Ватажники изумлённо обернулись навстречу, кто-то метнул было руку к оружию, но сразу опустил. Растерзанный и полоумный мальчишка весьма мало походил на полного достоинства охотника-венна.
— Эй, парень… — начал Булыма, но Твердолюб его не услышал. Он бросился прямо к Косорылу и попытался выхватить у него большухин убор. Дюжий ватажник отшвырнул юнца, но тот бросился снова. На сей раз ему достался крепкий удар кулаком под дых, Твёрд упал, и его прижали к земле. Он лежал на песке, тяжело дыша, и не сопротивлялся. Но, стоило державшим рукам чуть-чуть ослабнуть, — взметнулся с земли и зубами вцепился Косорылу в горло. И грыз, ломая хрящи, пока от посыпавшихся ударов не пала на глаза темнота…
Ватажники Булымы не были разбойниками, душегубствующими по дорогам. Они были перекупщиками, которые забирают у душегубов добычу и продают её надёжным, проверенным людям. Хороший меч — наёмнику, который назавтра уезжает за тридевять земель. Меховую накидку — мономатанцу, который увезёт северную диковину куда-нибудь в Мванааке. А дивно расшитую женскую рубаху, умело отстиранную от крови, — аррантскому собирателю редкостей…
Загодя позвал их Винитарий или они сами явились сюда, точно мухи на падаль, — Твердолюб так и не узнал, да и не пытался узнать. Зато оказалось, что булычи умели вязать узлы ничуть не хуже Росомах. Если не лучше. Наверное, им не привыкать было утихомиривать строптивых невольников. Второй раз за одни сутки Твёрд оказался спутан по рукам и ногам, причём так, что не мог ни освободиться, ни покалечиться от застоя крови в перетянутых членах. Когда его бросили в лодку, он умудрился извернуться и вышибить ногами одного из ватажников в воду. Потом попытался сам вывалиться через борт и либо уплыть от них, либо утонуть. Тогда перекупщики срезали на берегу жердь и привязали к ней свою живую добычу, уже совершенно лишив пленника возможности двигаться.
После этого Твердолюб затих и лишь молча слушал спор булычей, обсуждавших его дальнейшую участь. Рыжий приятель Косорыла стоял за то, чтобы привязать ему к ногам камень потяжелее, но остальные воспротивились. Косорыла, сказали они, не вернёшь всё равно, так чего ради зря упускать выгоду? Крепкого и здорового мальчишку вполне можно продать. Только куда-нибудь подальше в неворотимую сторону.
Кто-то первым упомянул Самоцветные горы… Твердолюб смутно припомнил, что вроде бы слышал это название, но что с ним было связано, в памяти так и не всплыло, и он перестал думать об этом. Он знал одно: рано или поздно его волей-неволей избавят по крайней мере от жерди, и тогда…

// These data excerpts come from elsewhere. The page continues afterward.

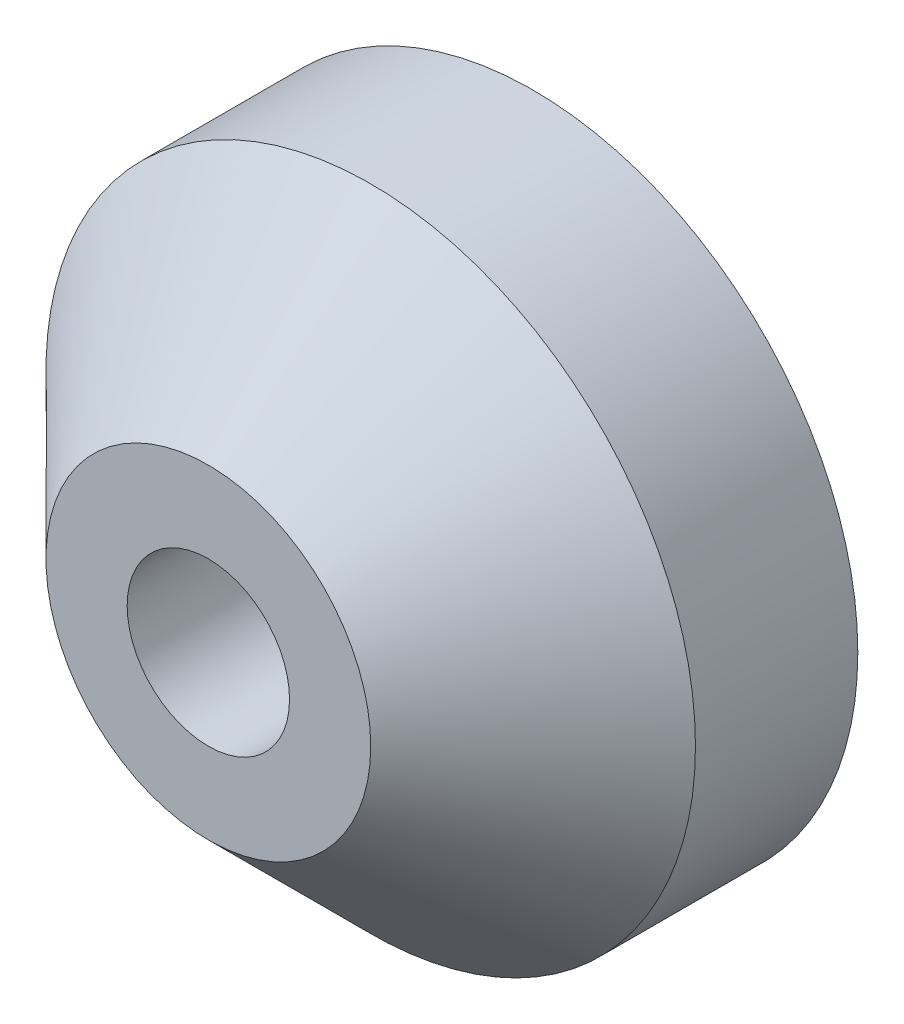
ISO-10303-21;
HEADER;
FILE_DESCRIPTION(('STEP AP214'),'2;1');
FILE_NAME('part.step','',(''),(''),'','','');
FILE_SCHEMA(('AUTOMOTIVE_DESIGN { 1 0 10303 214 1 1 1 1 }'));
ENDSEC;
DATA;
#1=APPLICATION_CONTEXT('core data for automotive mechanical design processes');
#2=APPLICATION_PROTOCOL_DEFINITION('international standard','automotive_design',2000,#1);
#3=PRODUCT_CONTEXT('',#1,'mechanical');
#4=PRODUCT('Part','Part','',(#3));
#5=PRODUCT_RELATED_PRODUCT_CATEGORY('part','',(#4));
#6=PRODUCT_DEFINITION_FORMATION('','',#4);
#7=PRODUCT_DEFINITION_CONTEXT('part definition',#1,'design');
#8=PRODUCT_DEFINITION('design','',#6,#7);
#9=PRODUCT_DEFINITION_SHAPE('','',#8);
#10=(LENGTH_UNIT() NAMED_UNIT(*) SI_UNIT(.MILLI.,.METRE.));
#11=(NAMED_UNIT(*) PLANE_ANGLE_UNIT() SI_UNIT($,.RADIAN.));
#12=(NAMED_UNIT(*) SI_UNIT($,.STERADIAN.) SOLID_ANGLE_UNIT());
#13=UNCERTAINTY_MEASURE_WITH_UNIT(LENGTH_MEASURE(1.E-05),#10,'distance_accuracy_value','');
#14=(GEOMETRIC_REPRESENTATION_CONTEXT(3) GLOBAL_UNCERTAINTY_ASSIGNED_CONTEXT((#13)) GLOBAL_UNIT_ASSIGNED_CONTEXT((#10,
#11,#12)) REPRESENTATION_CONTEXT('',''));
#15=CARTESIAN_POINT('',(0.,0.,0.));
#16=DIRECTION('',(0.,0.,1.));
#17=DIRECTION('',(1.,0.,0.));
#18=AXIS2_PLACEMENT_3D('',#15,#16,#17);
#19=CARTESIAN_POINT('',(0.,0.,5.));
#20=DIRECTION('',(0.,0.,-1.));
#21=DIRECTION('',(-1.,0.,0.));
#22=AXIS2_PLACEMENT_3D('',#19,#20,#21);
#23=CYLINDRICAL_SURFACE('',#22,1.25);
#24=CARTESIAN_POINT('',(0.,0.,5.));
#25=DIRECTION('',(0.,0.,1.));
#26=DIRECTION('',(1.,0.,0.));
#27=AXIS2_PLACEMENT_3D('',#24,#25,#26);
#28=CIRCLE('',#27,1.25);
#29=CARTESIAN_POINT('',(1.25,0.,5.));
#30=VERTEX_POINT('',#29);
#31=EDGE_CURVE('E53',#30,#30,#28,.T.);
#32=ORIENTED_EDGE('',*,*,#31,.T.);
#33=EDGE_LOOP('',(#32));
#34=FACE_BOUND('',#33,.T.);
#35=CARTESIAN_POINT('',(0.,0.,2.));
#36=DIRECTION('',(0.,0.,-1.));
#37=DIRECTION('',(-1.,0.,0.));
#38=AXIS2_PLACEMENT_3D('',#35,#36,#37);
#39=CIRCLE('',#38,1.25);
#40=CARTESIAN_POINT('',(-1.25,0.,2.));
#41=VERTEX_POINT('',#40);
#42=EDGE_CURVE('E40',#41,#41,#39,.T.);
#43=ORIENTED_EDGE('',*,*,#42,.T.);
#44=EDGE_LOOP('',(#43));
#45=FACE_BOUND('',#44,.T.);
#46=ADVANCED_FACE('F35',(#34,#45),#23,.F.);
#47=CARTESIAN_POINT('',(0.,0.,5.));
#48=DIRECTION('',(0.,0.,1.));
#49=DIRECTION('',(1.,0.,0.));
#50=AXIS2_PLACEMENT_3D('',#47,#48,#49);
#51=PLANE('',#50);
#52=CARTESIAN_POINT('',(0.,0.,5.));
#53=DIRECTION('',(0.,0.,1.));
#54=DIRECTION('',(1.,0.,0.));
#55=AXIS2_PLACEMENT_3D('',#52,#53,#54);
#56=CIRCLE('',#55,2.5);
#57=CARTESIAN_POINT('',(2.5,0.,5.));
#58=VERTEX_POINT('',#57);
#59=EDGE_CURVE('E44',#58,#58,#56,.T.);
#60=ORIENTED_EDGE('',*,*,#59,.T.);
#61=EDGE_LOOP('',(#60));
#62=FACE_BOUND('',#61,.T.);
#63=ORIENTED_EDGE('',*,*,#31,.F.);
#64=EDGE_LOOP('',(#63));
#65=FACE_BOUND('',#64,.T.);
#66=ADVANCED_FACE('F77',(#62,#65),#51,.T.);
#67=CARTESIAN_POINT('',(0.,0.,0.));
#68=DIRECTION('',(0.,0.,1.));
#69=DIRECTION('',(1.,0.,0.));
#70=AXIS2_PLACEMENT_3D('',#67,#68,#69);
#71=PLANE('',#70);
#72=CARTESIAN_POINT('',(0.,0.,0.));
#73=DIRECTION('',(0.,0.,-1.));
#74=DIRECTION('',(-1.,0.,0.));
#75=AXIS2_PLACEMENT_3D('',#72,#73,#74);
#76=CIRCLE('',#75,2.5);
#77=CARTESIAN_POINT('',(-2.5,0.,0.));
#78=VERTEX_POINT('',#77);
#79=EDGE_CURVE('E56',#78,#78,#76,.T.);
#80=ORIENTED_EDGE('',*,*,#79,.F.);
#81=EDGE_LOOP('',(#80));
#82=FACE_BOUND('',#81,.T.);
#83=CARTESIAN_POINT('',(0.,0.,0.));
#84=DIRECTION('',(0.,0.,1.));
#85=DIRECTION('',(1.,0.,0.));
#86=AXIS2_PLACEMENT_3D('',#83,#84,#85);
#87=CIRCLE('',#86,5.);
#88=CARTESIAN_POINT('',(5.,0.,0.));
#89=VERTEX_POINT('',#88);
#90=EDGE_CURVE('E48',#89,#89,#87,.T.);
#91=ORIENTED_EDGE('',*,*,#90,.F.);
#92=EDGE_LOOP('',(#91));
#93=FACE_BOUND('',#92,.T.);
#94=ADVANCED_FACE('F83',(#82,#93),#71,.F.);
#95=CARTESIAN_POINT('',(0.,0.,5.));
#96=DIRECTION('',(0.,0.,-1.));
#97=DIRECTION('',(-1.,0.,0.));
#98=AXIS2_PLACEMENT_3D('',#95,#96,#97);
#99=CYLINDRICAL_SURFACE('',#98,5.);
#100=CARTESIAN_POINT('',(0.,0.,2.49999999999999));
#101=DIRECTION('',(0.,0.,1.));
#102=DIRECTION('',(1.,0.,0.));
#103=AXIS2_PLACEMENT_3D('',#100,#101,#102);
#104=CIRCLE('',#103,5.);
#105=CARTESIAN_POINT('',(5.,0.,2.49999999999999));
#106=VERTEX_POINT('',#105);
#107=EDGE_CURVE('E10',#106,#106,#104,.F.);
#108=ORIENTED_EDGE('',*,*,#107,.T.);
#109=EDGE_LOOP('',(#108));
#110=FACE_BOUND('',#109,.T.);
#111=ORIENTED_EDGE('',*,*,#90,.T.);
#112=EDGE_LOOP('',(#111));
#113=FACE_BOUND('',#112,.T.);
#114=ADVANCED_FACE('F88',(#110,#113),#99,.T.);
#115=CARTESIAN_POINT('',(0.,0.,5.));
#116=DIRECTION('',(0.,0.,-1.));
#117=DIRECTION('',(-1.,0.,0.));
#118=AXIS2_PLACEMENT_3D('',#115,#116,#117);
#119=CONICAL_SURFACE('',#118,2.5,0.785398163397447);
#120=ORIENTED_EDGE('',*,*,#107,.F.);
#121=EDGE_LOOP('',(#120));
#122=FACE_BOUND('',#121,.T.);
#123=ORIENTED_EDGE('',*,*,#59,.F.);
#124=EDGE_LOOP('',(#123));
#125=FACE_BOUND('',#124,.T.);
#126=ADVANCED_FACE('F38',(#122,#125),#119,.T.);
#127=CARTESIAN_POINT('',(0.,0.,2.));
#128=DIRECTION('',(0.,0.,-1.));
#129=DIRECTION('',(-1.,0.,0.));
#130=AXIS2_PLACEMENT_3D('',#127,#128,#129);
#131=CYLINDRICAL_SURFACE('',#130,2.5);
#132=CARTESIAN_POINT('',(0.,0.,2.));
#133=DIRECTION('',(0.,0.,-1.));
#134=DIRECTION('',(-1.,0.,0.));
#135=AXIS2_PLACEMENT_3D('',#132,#133,#134);
#136=CIRCLE('',#135,2.5);
#137=CARTESIAN_POINT('',(-2.5,0.,2.));
#138=VERTEX_POINT('',#137);
#139=EDGE_CURVE('E59',#138,#138,#136,.T.);
#140=ORIENTED_EDGE('',*,*,#139,.F.);
#141=EDGE_LOOP('',(#140));
#142=FACE_BOUND('',#141,.T.);
#143=ORIENTED_EDGE('',*,*,#79,.T.);
#144=EDGE_LOOP('',(#143));
#145=FACE_BOUND('',#144,.T.);
#146=ADVANCED_FACE('F69',(#142,#145),#131,.F.);
#147=CARTESIAN_POINT('',(0.,0.,2.));
#148=DIRECTION('',(0.,0.,-1.));
#149=DIRECTION('',(-1.,0.,0.));
#150=AXIS2_PLACEMENT_3D('',#147,#148,#149);
#151=PLANE('',#150);
#152=ORIENTED_EDGE('',*,*,#42,.F.);
#153=EDGE_LOOP('',(#152));
#154=FACE_BOUND('',#153,.T.);
#155=ORIENTED_EDGE('',*,*,#139,.T.);
#156=EDGE_LOOP('',(#155));
#157=FACE_BOUND('',#156,.T.);
#158=ADVANCED_FACE('F67',(#154,#157),#151,.T.);
#159=CLOSED_SHELL('',(#46,#66,#94,#114,#126,#146,#158));
#160=MANIFOLD_SOLID_BREP('B2',#159);
#161=ADVANCED_BREP_SHAPE_REPRESENTATION('',(#18,#160),#14);
#162=SHAPE_DEFINITION_REPRESENTATION(#9,#161);
ENDSEC;
END-ISO-10303-21;

Только один молодой ватажник, сам ненамного старше Твёрда, всё больше помалкивал, как бы со стороны слушая перепалку. Но не потому помалкивал, что из-за молодости лет его не допускали к общей беседе. Нет, с ним вели себя вполне уважительно, как понял Твёрд — из-за нешуточного умения драться. Парня просто не особенно занимали разговоры о выгоде и продаже, у него был какой-то свой интерес. Какой — Твердолюб не слишком задумывался. Только время от времени ловил на себе оценивающий взгляд молодого сольвенна и со временем запомнил, как того звали: Резоуст.
Ещё Твёрд понял, что булычи не собирались держать его при себе до самого Галирада. Если бы они появились там с пленником-венном, о дальнейших путешествиях по Светыни можно было бы просто сразу забыть. Накануне прибытия в сольвеннскую столицу Булыма собирался причалить к левому берегу, с кем-то там встретиться и сбыть с рук часть награбленного Людоедом. А заодно — и Твердолюба.
Всё изменилось в ночь перед задуманной встречей на левобережье.
Твёрд, по обыкновению оставленный в лодке, видел счастливый сон: матушка убаюкивала его, тихонько покачивая зыбку. Сперва он лишь бездумно радовался её близости, её голосу, прикосновению милых рук. Потом захотел сказать ей, что уже вырос и в люльке ему тесно и неудобно лежать, что он с радостью вылез бы, если бы она чуть-чуть ему помогла… Однако, как почему-то бывает во сне, слова наружу не пошли, а вот колыбелька раскачивалась всё сильней, и дно у неё было, оказывается, ох и ребристое…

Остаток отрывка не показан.